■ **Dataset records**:
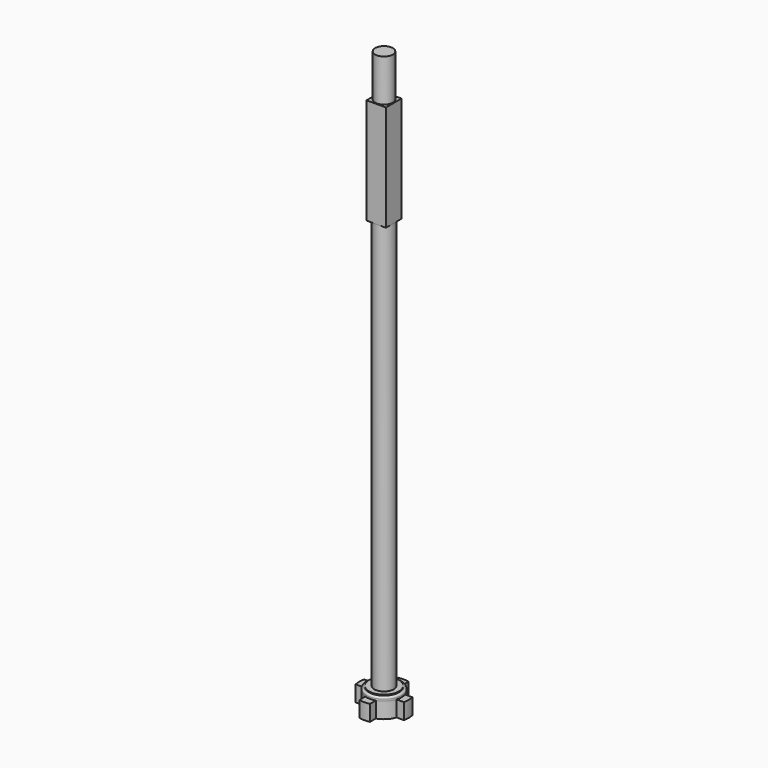
from build123d import *

# Parameters (mm, degrees)
F3_DEPTH        = 34.925
F0_W            = 31.75
F0_H            = 152.4
F7_DEPTH        = 57.15
F7_COPIES_COUNT = 4


# Not quite as in the source:
# - a feature of the source that left no trace in its solid (it failed there, or was rolled back) is left out
# - a pattern or mirror of a feature is missing from the dataset's text; its kind, count and spacing are read off the source's solid


with BuildPart() as f1:
    # F0 (on Front) → F1 (revolve)
    with BuildSketch(Plane.XZ):
        with BuildLine():
            Line((34.925, 73.025), (34.925, 0))
            Line((34.925, 0), (88.9, 0))
            Line((88.9, 0), (88.9, 57.15))
            Line((88.9, 57.15), (63.5, 57.15))
            Line((63.5, 57.15), (63.5, 63.5))
            ThreePointArc((63.5, 63.5), (61.6401280605, 67.9901280605), (57.15, 69.85))
            Line((57.15, 69.85), (54.075, 69.85))
            Line((54.075, 69.85), (54.075, 73.025))
            Line((54.075, 73.025), (34.925, 73.025))
        make_face()
    revolve(axis=Axis((0, 0, -7.5624885379), (0, 0, -1)))

    # F0 (on Front) → F2 (revolve)
    with BuildSketch(Plane.XZ):
        Polygon((0, 1549.4), (0, 0), (34.925, 0), (34.925, 73.025), (34.925, 1549.4), align=None)
    revolve(axis=Axis((0, 0, -7.5624885379), (0, 0, -1)))

    # F0 (on Front) → F3 (join, symmetric)
    with BuildSketch(Plane.XZ):
        Polygon((-34.925, 1549.4), (0, 1549.4), (34.925, 1549.4), (34.925, 1930.4), (31.75, 1930.4), (0, 1930.4), (-34.925, 1930.4), align=None)
    extrude(amount=F3_DEPTH, both=True)

    # F0 (on Front) → F4 (revolve)
    with BuildSketch(Plane.XZ):
        with Locations((15.875, 2006.6)):
            Rectangle(F0_W, F0_H)
    revolve(axis=Axis((0, 0, -7.5624885379), (0, 0, -1)))

    # F6 (on face) → F7 (cut, through all)
    with BuildSketch(Plane(origin=(0, 0, 0), x_dir=(1, 0, 0), z_dir=(0, 0, -1))):
        with BuildLine():
            ThreePointArc((19.05, 60.57513929), (44.9012806053, 44.9012806053), (60.57513929, 19.05))
            Line((60.57513929, 19.05), (86.834944003, 19.05))
            ThreePointArc((86.834944003, 19.05), (62.8617928475, 62.8617928475), (19.05, 86.834944003))
            Line((19.05, 86.834944003), (19.05, 60.57513929))
        make_face()
    f7 = extrude(amount=-F7_DEPTH, mode=Mode.SUBTRACT)

    # F7_copies: F7 ×4 about axis
    f7_copies_axis = Axis((0, 0, 0), (0, 0, 1))
    for i in range(1, F7_COPIES_COUNT):
        add(f7.rotate(f7_copies_axis, i * 360 / F7_COPIES_COUNT), mode=Mode.SUBTRACT)


solid = f1.part

■ **Your objective**: Copy out the lines above, from the one holding "f7_copies_axis = Axis((0, 0, 0), (0, 0, 1))" through the final line, with no other lines.

■ **Answer space**:
    f7_copies_axis = Axis((0, 0, 0), (0, 0, 1))
    for i in range(1, F7_COPIES_COUNT):
        add(f7.rotate(f7_copies_axis, i * 360 / F7_COPIES_COUNT), mode=Mode.SUBTRACT)


solid = f1.part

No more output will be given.